--- Prompt ---
Go through the entries below and print, exactly, the lines starting at the one with "#53=LINE('',#52,#51);" and ending at the one with "#65=DIRECTION('',(0.,0.,-1.));", keeping both ends and no others.

--- Data shown ---
- Opening Delimiter -

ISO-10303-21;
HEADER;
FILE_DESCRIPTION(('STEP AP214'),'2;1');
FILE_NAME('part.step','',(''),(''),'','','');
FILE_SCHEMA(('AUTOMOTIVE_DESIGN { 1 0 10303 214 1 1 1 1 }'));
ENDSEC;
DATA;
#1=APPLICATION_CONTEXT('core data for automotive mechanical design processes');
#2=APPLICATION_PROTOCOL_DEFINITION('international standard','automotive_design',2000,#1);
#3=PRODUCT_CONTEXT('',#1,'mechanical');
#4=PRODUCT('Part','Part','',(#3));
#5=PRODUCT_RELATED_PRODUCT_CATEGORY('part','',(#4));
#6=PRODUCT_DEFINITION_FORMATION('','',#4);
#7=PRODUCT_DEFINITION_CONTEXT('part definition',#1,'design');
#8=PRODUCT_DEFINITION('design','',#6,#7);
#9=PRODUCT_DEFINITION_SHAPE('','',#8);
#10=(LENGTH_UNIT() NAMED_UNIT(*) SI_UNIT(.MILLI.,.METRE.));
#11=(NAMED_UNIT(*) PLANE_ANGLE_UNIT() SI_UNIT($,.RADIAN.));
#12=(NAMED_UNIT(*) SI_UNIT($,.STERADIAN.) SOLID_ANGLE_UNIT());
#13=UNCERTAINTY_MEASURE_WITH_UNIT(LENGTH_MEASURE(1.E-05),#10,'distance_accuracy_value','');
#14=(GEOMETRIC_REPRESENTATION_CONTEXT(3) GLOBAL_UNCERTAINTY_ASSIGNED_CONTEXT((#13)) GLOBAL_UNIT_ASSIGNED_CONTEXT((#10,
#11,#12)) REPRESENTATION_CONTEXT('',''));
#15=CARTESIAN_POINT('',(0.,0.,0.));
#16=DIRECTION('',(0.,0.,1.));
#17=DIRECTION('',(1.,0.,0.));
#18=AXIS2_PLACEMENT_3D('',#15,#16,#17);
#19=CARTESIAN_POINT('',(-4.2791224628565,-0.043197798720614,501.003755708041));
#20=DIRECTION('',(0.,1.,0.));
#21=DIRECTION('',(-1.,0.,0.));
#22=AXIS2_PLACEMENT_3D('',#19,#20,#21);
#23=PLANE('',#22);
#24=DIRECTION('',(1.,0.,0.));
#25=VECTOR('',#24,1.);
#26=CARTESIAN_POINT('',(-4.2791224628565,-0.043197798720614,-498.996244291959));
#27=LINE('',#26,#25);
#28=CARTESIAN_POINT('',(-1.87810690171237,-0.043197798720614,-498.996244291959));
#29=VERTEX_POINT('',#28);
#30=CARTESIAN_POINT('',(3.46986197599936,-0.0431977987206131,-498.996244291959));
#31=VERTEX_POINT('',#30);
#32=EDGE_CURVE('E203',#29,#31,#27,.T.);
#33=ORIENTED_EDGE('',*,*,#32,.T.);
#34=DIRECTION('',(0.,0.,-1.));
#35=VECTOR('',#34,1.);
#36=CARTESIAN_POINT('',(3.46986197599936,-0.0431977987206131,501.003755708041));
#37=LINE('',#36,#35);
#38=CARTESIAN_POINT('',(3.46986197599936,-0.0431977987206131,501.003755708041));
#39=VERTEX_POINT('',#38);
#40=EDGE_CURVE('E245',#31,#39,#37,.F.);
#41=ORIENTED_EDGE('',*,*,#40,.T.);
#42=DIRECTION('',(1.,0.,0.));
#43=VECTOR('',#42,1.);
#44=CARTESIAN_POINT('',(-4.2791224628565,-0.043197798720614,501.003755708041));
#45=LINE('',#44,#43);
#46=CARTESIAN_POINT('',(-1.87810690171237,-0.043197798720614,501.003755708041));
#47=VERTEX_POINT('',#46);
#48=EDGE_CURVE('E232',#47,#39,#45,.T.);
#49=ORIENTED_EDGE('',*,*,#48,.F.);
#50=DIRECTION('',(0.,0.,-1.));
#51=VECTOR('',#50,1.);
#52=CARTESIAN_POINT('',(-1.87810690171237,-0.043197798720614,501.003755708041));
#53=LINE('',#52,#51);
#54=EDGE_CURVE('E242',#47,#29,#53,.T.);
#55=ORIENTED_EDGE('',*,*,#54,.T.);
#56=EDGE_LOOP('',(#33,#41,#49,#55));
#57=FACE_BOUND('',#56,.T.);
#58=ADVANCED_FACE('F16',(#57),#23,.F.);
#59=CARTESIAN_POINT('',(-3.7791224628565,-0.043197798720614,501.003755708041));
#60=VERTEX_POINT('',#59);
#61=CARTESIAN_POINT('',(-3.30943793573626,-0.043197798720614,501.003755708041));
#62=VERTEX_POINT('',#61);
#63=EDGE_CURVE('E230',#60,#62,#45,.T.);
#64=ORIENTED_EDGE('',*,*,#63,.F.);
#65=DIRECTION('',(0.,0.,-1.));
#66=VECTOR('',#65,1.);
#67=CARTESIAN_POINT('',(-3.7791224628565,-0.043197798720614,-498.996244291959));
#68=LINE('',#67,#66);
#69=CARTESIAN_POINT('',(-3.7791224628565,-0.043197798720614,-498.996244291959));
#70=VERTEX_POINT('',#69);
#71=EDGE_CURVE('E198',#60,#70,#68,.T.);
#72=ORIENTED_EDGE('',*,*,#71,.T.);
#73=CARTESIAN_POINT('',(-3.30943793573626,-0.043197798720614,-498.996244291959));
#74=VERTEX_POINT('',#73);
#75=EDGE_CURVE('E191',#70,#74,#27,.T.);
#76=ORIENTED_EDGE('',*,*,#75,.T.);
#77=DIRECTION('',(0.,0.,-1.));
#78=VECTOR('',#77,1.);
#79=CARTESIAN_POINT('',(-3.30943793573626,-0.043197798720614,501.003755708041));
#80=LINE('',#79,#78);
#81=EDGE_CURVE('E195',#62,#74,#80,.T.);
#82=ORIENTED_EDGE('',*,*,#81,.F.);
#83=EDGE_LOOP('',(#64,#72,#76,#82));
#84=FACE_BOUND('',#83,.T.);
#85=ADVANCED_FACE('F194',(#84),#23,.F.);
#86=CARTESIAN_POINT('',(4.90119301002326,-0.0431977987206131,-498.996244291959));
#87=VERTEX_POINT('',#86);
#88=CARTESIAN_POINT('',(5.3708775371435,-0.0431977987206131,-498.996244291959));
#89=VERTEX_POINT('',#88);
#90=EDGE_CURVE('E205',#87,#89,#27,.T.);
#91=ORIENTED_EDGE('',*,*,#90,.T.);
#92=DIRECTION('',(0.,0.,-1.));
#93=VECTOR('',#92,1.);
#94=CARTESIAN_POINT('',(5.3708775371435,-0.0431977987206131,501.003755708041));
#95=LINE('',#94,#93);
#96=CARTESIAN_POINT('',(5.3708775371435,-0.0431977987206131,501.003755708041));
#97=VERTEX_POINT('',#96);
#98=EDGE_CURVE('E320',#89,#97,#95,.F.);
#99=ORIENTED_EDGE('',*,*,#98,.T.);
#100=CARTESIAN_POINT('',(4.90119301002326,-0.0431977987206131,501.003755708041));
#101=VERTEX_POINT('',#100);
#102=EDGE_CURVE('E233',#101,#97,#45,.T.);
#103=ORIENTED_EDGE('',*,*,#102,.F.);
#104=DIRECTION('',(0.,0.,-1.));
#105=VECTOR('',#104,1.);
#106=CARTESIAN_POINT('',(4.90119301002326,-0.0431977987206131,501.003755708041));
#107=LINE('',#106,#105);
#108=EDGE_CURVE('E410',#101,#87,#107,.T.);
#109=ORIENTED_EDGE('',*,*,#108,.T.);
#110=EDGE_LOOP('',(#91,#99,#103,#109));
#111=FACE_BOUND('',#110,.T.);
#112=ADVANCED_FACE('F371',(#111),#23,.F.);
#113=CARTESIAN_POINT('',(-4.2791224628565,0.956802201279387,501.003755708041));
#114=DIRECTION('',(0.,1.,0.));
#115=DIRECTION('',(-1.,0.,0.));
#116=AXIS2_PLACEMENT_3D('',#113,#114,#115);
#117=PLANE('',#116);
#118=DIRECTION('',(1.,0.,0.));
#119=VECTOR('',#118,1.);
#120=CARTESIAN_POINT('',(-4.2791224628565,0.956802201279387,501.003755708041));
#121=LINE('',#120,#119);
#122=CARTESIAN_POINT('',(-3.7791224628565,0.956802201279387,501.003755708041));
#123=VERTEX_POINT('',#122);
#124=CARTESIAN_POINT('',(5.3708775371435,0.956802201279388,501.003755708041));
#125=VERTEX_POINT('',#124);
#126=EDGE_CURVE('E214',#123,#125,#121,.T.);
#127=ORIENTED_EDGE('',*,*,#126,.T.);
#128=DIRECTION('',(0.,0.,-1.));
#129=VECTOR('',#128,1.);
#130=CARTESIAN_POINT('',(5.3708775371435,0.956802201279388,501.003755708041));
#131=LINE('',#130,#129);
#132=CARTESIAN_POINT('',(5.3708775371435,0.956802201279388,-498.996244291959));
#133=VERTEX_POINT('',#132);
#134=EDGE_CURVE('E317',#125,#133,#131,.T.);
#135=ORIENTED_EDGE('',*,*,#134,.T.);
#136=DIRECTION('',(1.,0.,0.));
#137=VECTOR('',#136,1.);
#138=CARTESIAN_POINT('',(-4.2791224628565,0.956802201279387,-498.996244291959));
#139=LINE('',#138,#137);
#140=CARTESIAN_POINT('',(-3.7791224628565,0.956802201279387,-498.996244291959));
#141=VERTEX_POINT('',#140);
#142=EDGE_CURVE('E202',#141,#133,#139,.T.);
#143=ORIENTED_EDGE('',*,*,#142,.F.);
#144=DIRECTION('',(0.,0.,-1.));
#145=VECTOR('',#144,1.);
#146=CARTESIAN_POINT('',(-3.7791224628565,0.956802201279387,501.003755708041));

- Closing Delimiter -

--- Expected answer ---
#53=LINE('',#52,#51);
#54=EDGE_CURVE('E242',#47,#29,#53,.T.);
#55=ORIENTED_EDGE('',*,*,#54,.T.);
#56=EDGE_LOOP('',(#33,#41,#49,#55));
#57=FACE_BOUND('',#56,.T.);
#58=ADVANCED_FACE('F16',(#57),#23,.F.);
#59=CARTESIAN_POINT('',(-3.7791224628565,-0.043197798720614,501.003755708041));
#60=VERTEX_POINT('',#59);
#61=CARTESIAN_POINT('',(-3.30943793573626,-0.043197798720614,501.003755708041));
#62=VERTEX_POINT('',#61);
#63=EDGE_CURVE('E230',#60,#62,#45,.T.);
#64=ORIENTED_EDGE('',*,*,#63,.F.);
#65=DIRECTION('',(0.,0.,-1.));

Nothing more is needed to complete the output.